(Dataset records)
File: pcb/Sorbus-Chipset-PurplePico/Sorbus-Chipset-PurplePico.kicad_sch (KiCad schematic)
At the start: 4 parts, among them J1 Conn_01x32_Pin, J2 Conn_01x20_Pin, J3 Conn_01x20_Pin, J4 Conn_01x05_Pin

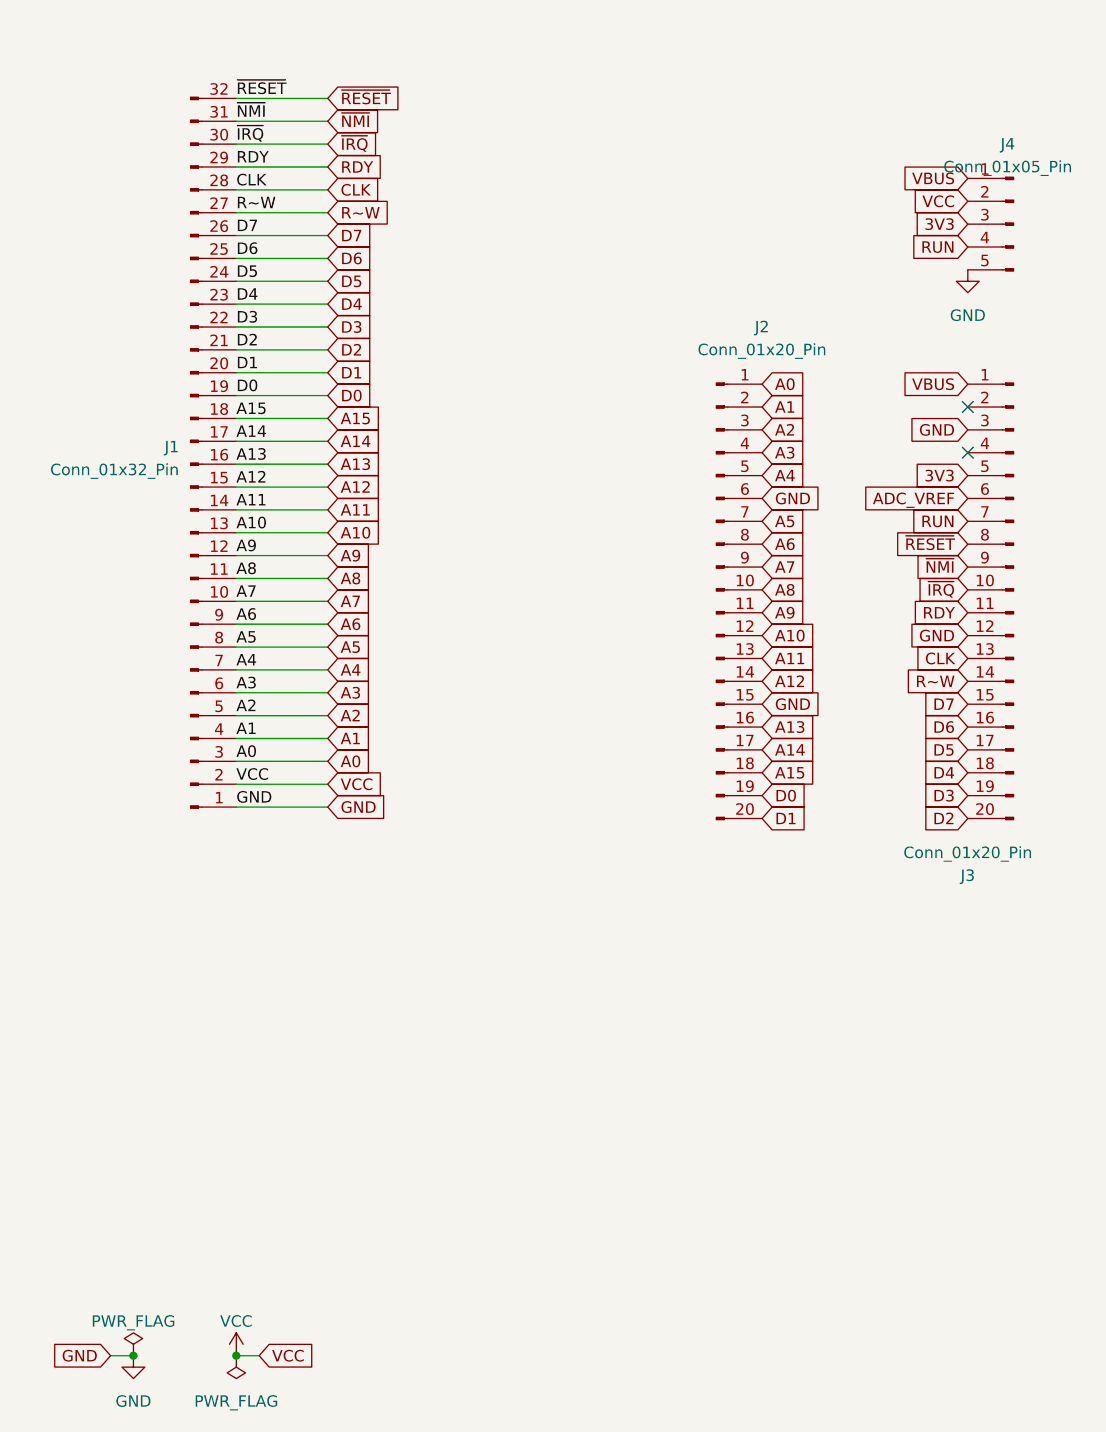
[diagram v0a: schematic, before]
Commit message: updated PCB design - added decoupling capacitor to 65C02 board - replaced simple connectors with real RP2040 Purple component - also updated gerber file and PDF exports from PCB changes - fixed problem in bare build
Signed-off-by: Sven Oliver Moll <svolli@svolli.de>
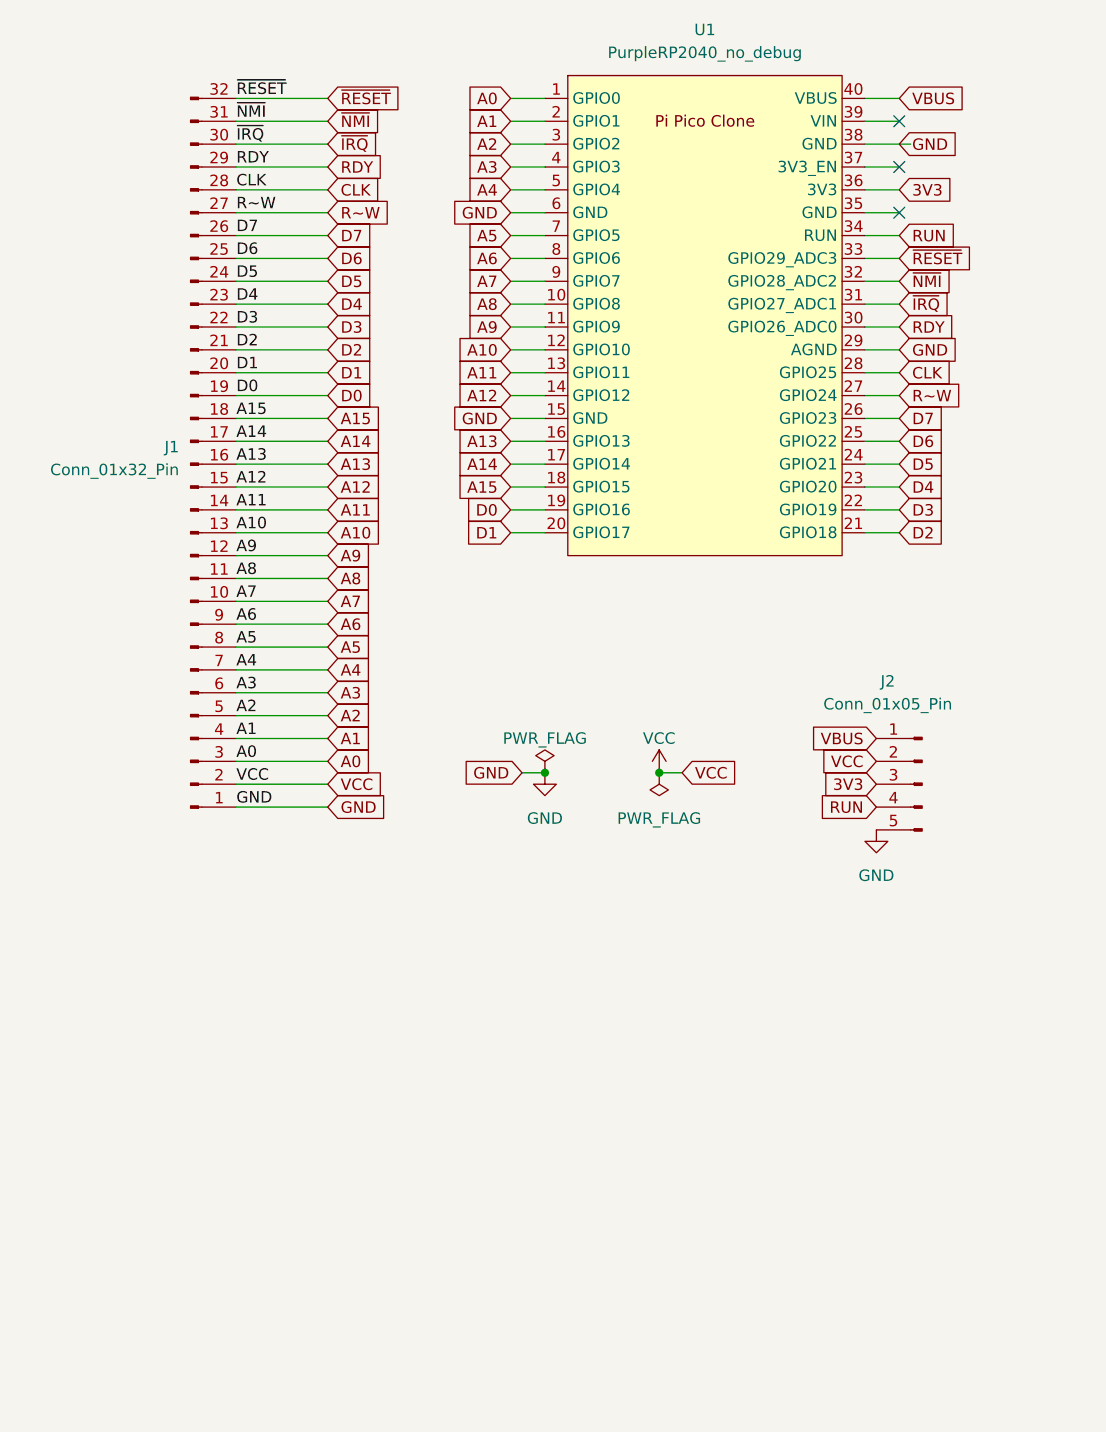
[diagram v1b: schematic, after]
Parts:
- removed J2, J3: Conn_01x20_Pin, Connector_PinHeader_2.54mm:PinHeader_1x20_P2.54mm_Vertical, symbol Connector:Conn_01x20_Pin
- added U1: PurpleRP2040_no_debug, MCU_RaspberryPi_and_Boards:RPi_RP2040Purple_SMD_TH_no_debug, symbol MCU_RaspberryPi_and_Boards:PurpleRP2040_no_debug
- renumbered J4 to J2
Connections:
- net 3V3: now also U1.36 (3V3)
- net A0: now also U1.1 (GPIO0)
- net A1: now also U1.2 (GPIO1)
- net A10: now also U1.12 (GPIO10)
- net A11: now also U1.13 (GPIO11)
- net A12: now also U1.14 (GPIO12)
- net A13: now also U1.16 (GPIO13)
- net A14: now also U1.17 (GPIO14)
- net A15: now also U1.18 (GPIO15)
- net A2: now also U1.3 (GPIO2)
- net A3: now also U1.4 (GPIO3)
- net A4: now also U1.5 (GPIO4)
- net A5: now also U1.7 (GPIO5)
- net A6: now also U1.8 (GPIO6)
- net A7: now also U1.9 (GPIO7)
- net A8: now also U1.10 (GPIO8)
- net A9: now also U1.11 (GPIO9)
- net CLK: now also U1.28 (GPIO25)
- net D0: now also U1.19 (GPIO16)
- net D1: now also U1.20 (GPIO17)
- net D2: now also U1.21 (GPIO18)
- net D3: now also U1.22 (GPIO19)
- net D4: now also U1.23 (GPIO20)
- net D5: now also U1.24 (GPIO21)
- net D6: now also U1.25 (GPIO22)
- net D7: now also U1.26 (GPIO23)
- net GND: now also U1.15 (GND), U1.29 (AGND), U1.38 (GND), U1.6 (GND)
- net RDY: now also U1.30 (GPIO26_ADC0)
- net RUN: now also U1.34 (RUN)
- net R~W: now also U1.27 (GPIO24)
- net VBUS: now also U1.40 (VBUS)
- net ~{IRQ}: now also U1.31 (GPIO27_ADC1)
- net ~{NMI}: now also U1.32 (GPIO28_ADC2)
- net ~{RESET}: now also U1.33 (GPIO29_ADC3)
- no-connect marks 2 -> 3
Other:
- title: (none) -> Sorbus Computer RP2040 Purple
- moved on the sheet: J2

◆ Work item: Write out each record exactly as shown, but not its pictures.

◆ Response:
File: pcb/Sorbus-Chipset-PurplePico/Sorbus-Chipset-PurplePico.kicad_sch (KiCad schematic)
At the start: 4 parts, among them J1 Conn_01x32_Pin, J2 Conn_01x20_Pin, J3 Conn_01x20_Pin, J4 Conn_01x05_Pin

[diagram v0a: schematic, before]
Commit message: updated PCB design - added decoupling capacitor to 65C02 board - replaced simple connectors with real RP2040 Purple component - also updated gerber file and PDF exports from PCB changes - fixed problem in bare build
Signed-off-by: Sven Oliver Moll <svolli@svolli.de>
[diagram v1b: schematic, after]
Parts:
- removed J2, J3: Conn_01x20_Pin, Connector_PinHeader_2.54mm:PinHeader_1x20_P2.54mm_Vertical, symbol Connector:Conn_01x20_Pin
- added U1: PurpleRP2040_no_debug, MCU_RaspberryPi_and_Boards:RPi_RP2040Purple_SMD_TH_no_debug, symbol MCU_RaspberryPi_and_Boards:PurpleRP2040_no_debug
- renumbered J4 to J2
Connections:
- net 3V3: now also U1.36 (3V3)
- net A0: now also U1.1 (GPIO0)
- net A1: now also U1.2 (GPIO1)
- net A10: now also U1.12 (GPIO10)
- net A11: now also U1.13 (GPIO11)
- net A12: now also U1.14 (GPIO12)
- net A13: now also U1.16 (GPIO13)
- net A14: now also U1.17 (GPIO14)
- net A15: now also U1.18 (GPIO15)
- net A2: now also U1.3 (GPIO2)
- net A3: now also U1.4 (GPIO3)
- net A4: now also U1.5 (GPIO4)
- net A5: now also U1.7 (GPIO5)
- net A6: now also U1.8 (GPIO6)
- net A7: now also U1.9 (GPIO7)
- net A8: now also U1.10 (GPIO8)
- net A9: now also U1.11 (GPIO9)
- net CLK: now also U1.28 (GPIO25)
- net D0: now also U1.19 (GPIO16)
- net D1: now also U1.20 (GPIO17)
- net D2: now also U1.21 (GPIO18)
- net D3: now also U1.22 (GPIO19)
- net D4: now also U1.23 (GPIO20)
- net D5: now also U1.24 (GPIO21)
- net D6: now also U1.25 (GPIO22)
- net D7: now also U1.26 (GPIO23)
- net GND: now also U1.15 (GND), U1.29 (AGND), U1.38 (GND), U1.6 (GND)
- net RDY: now also U1.30 (GPIO26_ADC0)
- net RUN: now also U1.34 (RUN)
- net R~W: now also U1.27 (GPIO24)
- net VBUS: now also U1.40 (VBUS)
- net ~{IRQ}: now also U1.31 (GPIO27_ADC1)
- net ~{NMI}: now also U1.32 (GPIO28_ADC2)
- net ~{RESET}: now also U1.33 (GPIO29_ADC3)
- no-connect marks 2 -> 3
Other:
- title: (none) -> Sorbus Computer RP2040 Purple
- moved on the sheet: J2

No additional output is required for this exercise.